# Saffy (and babies when they get here)



## Titch1980 (Mar 6, 2006)

this cat seems to have been ready to pop for ages, just had the idea to do a photo album on facebook to show her progress and theres once they are born so thought i may aswell do it here also.
here she is a couple of weeks ago(i think you can just about make her belly out on these)
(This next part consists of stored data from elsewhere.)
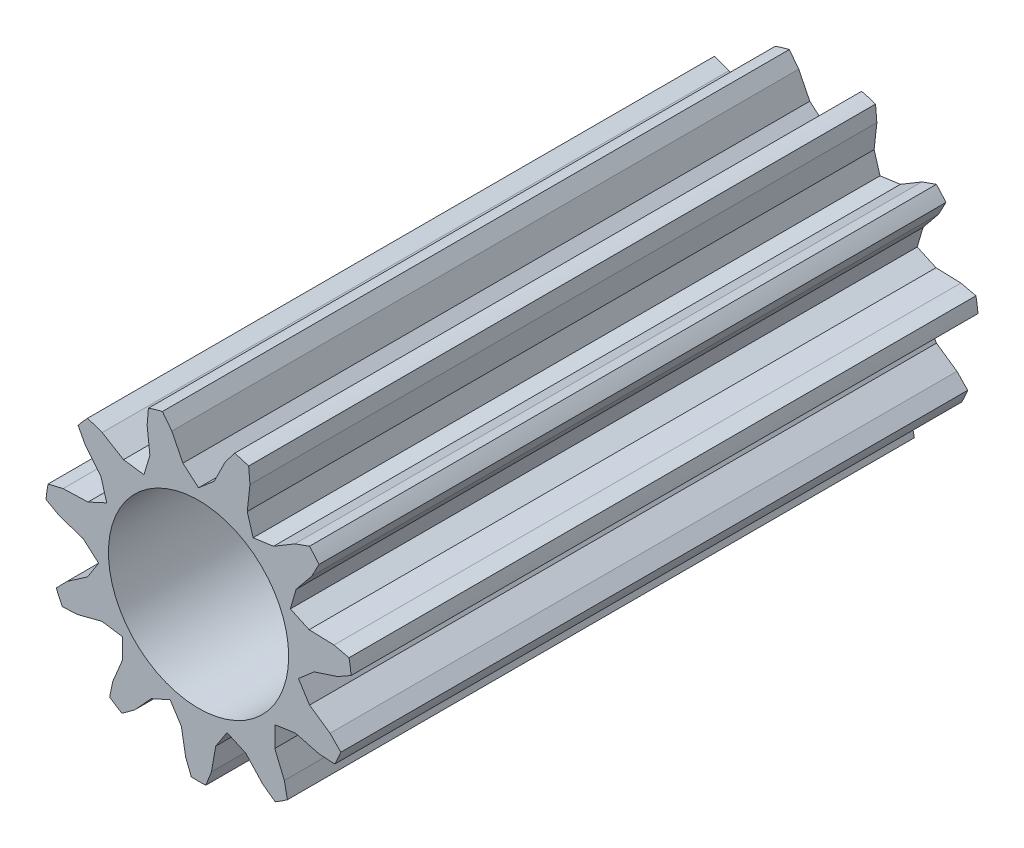
from build123d import *

# Parameters (mm, degrees)
SKETCH1_R               = 9.7778
BOSS_EXTRUDE1_DEPTH     = 40
CUT_EXTRUDE1_DEPTH      = 43.32269776
CUT_EXTRUDE2_DEPTH      = 43.32269776
CUT_EXTRUDE2_DEPTH_BACK = 43.32269776
SKETCH4_R               = 5.75
CIRPATTERN1_COUNT       = 11


with BuildPart() as part:
    # Sketch1 → Boss-Extrude1 (new body)
    with BuildSketch(Plane.XY):
        Circle(SKETCH1_R)
    extrude(amount=BOSS_EXTRUDE1_DEPTH)

    # Sketch2 → Cut-Extrude1 (cut, through all)
    with BuildSketch(Plane.XY):
        Polygon((0, 6.440231992), (-0.998470792, 7.29965938), (-1.704297747, 8.720724317), (-2.306603416, 9.501839481), (-1.704297747, 10.285038999), (0, 10.999278518), (1.704297747, 10.285038999), (2.306603416, 9.501839481), (1.704297747, 8.720724317), (0.998470792, 7.29965938), align=None)
    cut_extrude1 = extrude(amount=CUT_EXTRUDE1_DEPTH, mode=Mode.SUBTRACT)

    # Sketch4 → Cut-Extrude2 (cut, two sides: drawn at the far end of the back side and taken through both)
    with BuildSketch(Plane.XY.offset(40).offset(-CUT_EXTRUDE2_DEPTH_BACK)):
        Circle(SKETCH4_R)
    extrude(amount=CUT_EXTRUDE2_DEPTH + CUT_EXTRUDE2_DEPTH_BACK, mode=Mode.SUBTRACT)

    # CirPattern1: Cut-Extrude1 ×11 about axis
    cirpattern1_axis = Axis((0, 0, 40), (0, 0, -1))
    for i in range(1, CIRPATTERN1_COUNT):
        add(cut_extrude1.rotate(cirpattern1_axis, i * 360 / CIRPATTERN1_COUNT), mode=Mode.SUBTRACT)


solid = part.part
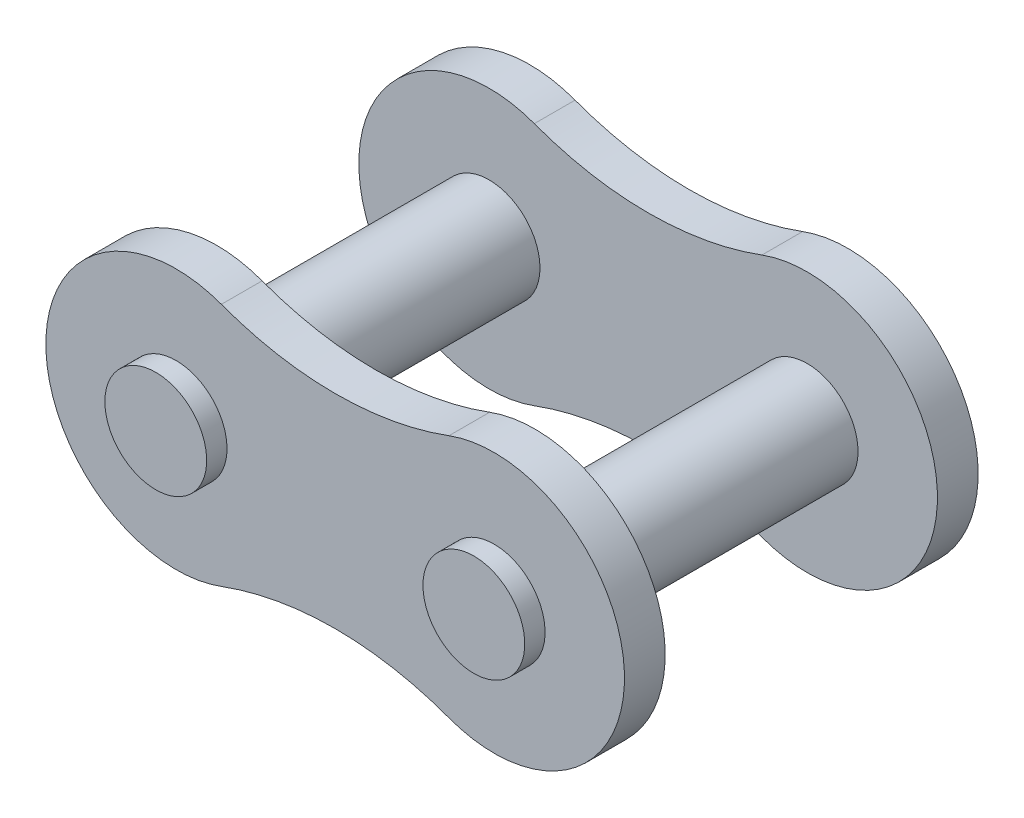
from build123d import *

# Parameters (mm, degrees)
BOSS_EXTRUDE1_DEPTH = 2.032
BOSS_EXTRUDE2_START = -3.048
SKETCH2_R           = 2.54
BOSS_EXTRUDE2_DEPTH = 16.637


# Read off the part's stored shape, not the designer's step: Boss-Extrude1
with BuildPart() as part:
    # Boss-Extrude1 outline → Boss-Extrude1 (new body)
    with BuildSketch(Plane.XY):
        with BuildLine():
            ThreePointArc((5.67954862, -6.097775113), (14.4399, 0), (5.67954862, 6.097775113))
            ThreePointArc((5.67954862, 6.097775113), (0, 5.08), (-5.67954862, 6.097775113))
            ThreePointArc((-5.67954862, 6.097775113), (-14.4399, 0), (-5.67954862, -6.097775113))
            ThreePointArc((-5.67954862, -6.097775113), (0, -5.08), (5.67954862, -6.097775113))
        make_face()
    boss_extrude1 = extrude(amount=BOSS_EXTRUDE1_DEPTH)

    # Sketch2 → Boss-Extrude2 (add)
    with BuildSketch(Plane.XY.offset(2.032).offset(BOSS_EXTRUDE2_START)):
        with Locations((-7.9375, 0)):
            Circle(SKETCH2_R)
        with Locations((7.9375, 0)):
            Circle(SKETCH2_R)
    boss_extrude2 = extrude(amount=BOSS_EXTRUDE2_DEPTH)

    # Mirror1: Boss-Extrude1, Boss-Extrude2 across plane
    add(boss_extrude1.mirror(Plane.XY.offset(8.8265)))
    add(boss_extrude2.mirror(Plane.XY.offset(8.8265)))


solid = part.part

and these were today (but i dont think these show her belly as well)


----------



## adamntitch (Jun 17, 2007)

nice cat where the kittens planned or mistake


----------



## Titch1980 (Mar 6, 2006)

they were an accident i got her as spayed.


----------



## ami_j (Jan 6, 2007)

awww what a lovely cat


----------



## Titch1980 (Mar 6, 2006)

she is and sooooo loving, i have never known a cat like her. she licks your nose, chin and cheeks whenever she see's you and then jumps onto you for cuddles. 
i havent forgotten about his thread just havent posted as she is STILL fat, lol 
babies are moving, belly feeling tight today maybe contractions or maybe its just wishful thinking.


----------



## Titch1980 (Mar 6, 2006)

She's in labour, woohooo


----------



## Emmaj (Dec 3, 2007)

Ooooooooooo cool rach keep us updated :flrt:


----------



## elle1331 (Mar 19, 2007)

rach1980 said:


> She's in labour, woohooo


ohh good luck to mummy cat xxx 
and remember piccys please :flrt:


----------



## Titch1980 (Mar 6, 2006)

2 so far, a little tabby and ginger just like her and a little ginger one


----------



## Emmaj (Dec 3, 2007)

Ooooo bless her cant wait to see pics :flrt:


----------



## Titch1980 (Mar 6, 2006)

resting now and i dont wonder 2 came so quickly, lol
i expected to wait at least half an hour between


----------



## Titch1980 (Mar 6, 2006)




----------



## Titch1980 (Mar 6, 2006)

number 3 just came another dark one, although now number 1 is drying out im thinking more tortie than tabby


----------



## Esarosa (Jul 13, 2007)

wow mummy cat is stunning! good luck with the kittys


----------



## Titch1980 (Mar 6, 2006)

number 4 another ginger, but is there anymore to come??????????


----------



## Titch1980 (Mar 6, 2006)

now they have dried a bit num 1 tortie, 2ginger, 3 tabby, 4 ginger


----------



## elle1331 (Mar 19, 2007)

awwww they are beautiful


----------



## Pliskens_Chains (Jun 8, 2008)

awww congrats!!!
good luck with them all i hope queen and babies are doing well.


----------



## XoxOriptideOxoX (Jul 11, 2008)

Bless there little cotton socks :flrt::flrt: kittens are so cute


----------



## Titch1980 (Mar 6, 2006)

just uploading some more pics to facebook if its poss i will post the link here afterwards as i need to get kids ready and to school


----------



## Titch1980 (Mar 6, 2006)

this is the link to her album 
http://www.new.facebook.com/album.php?aid=32360&id=516305899&saved#/album.php?aid=32360&id=516305899
i will add the pics to here later though.


----------



## feorag (Jul 31, 2007)

Congratulations Rach and Saffy!

I don't use Facebook, so please put some more pictures on RFUK as the kittens grow?? Please??


----------



## xPrincessx (May 7, 2007)

i remember when my kitty had kittens she had 6 in total, but she has 2 and then left it an hour before she has another 2, and then another 45min before the other 2.
we thought she was never going to stop!!

kittens are at the best age when they are just learning to walk, they will defo keep you on your feet!!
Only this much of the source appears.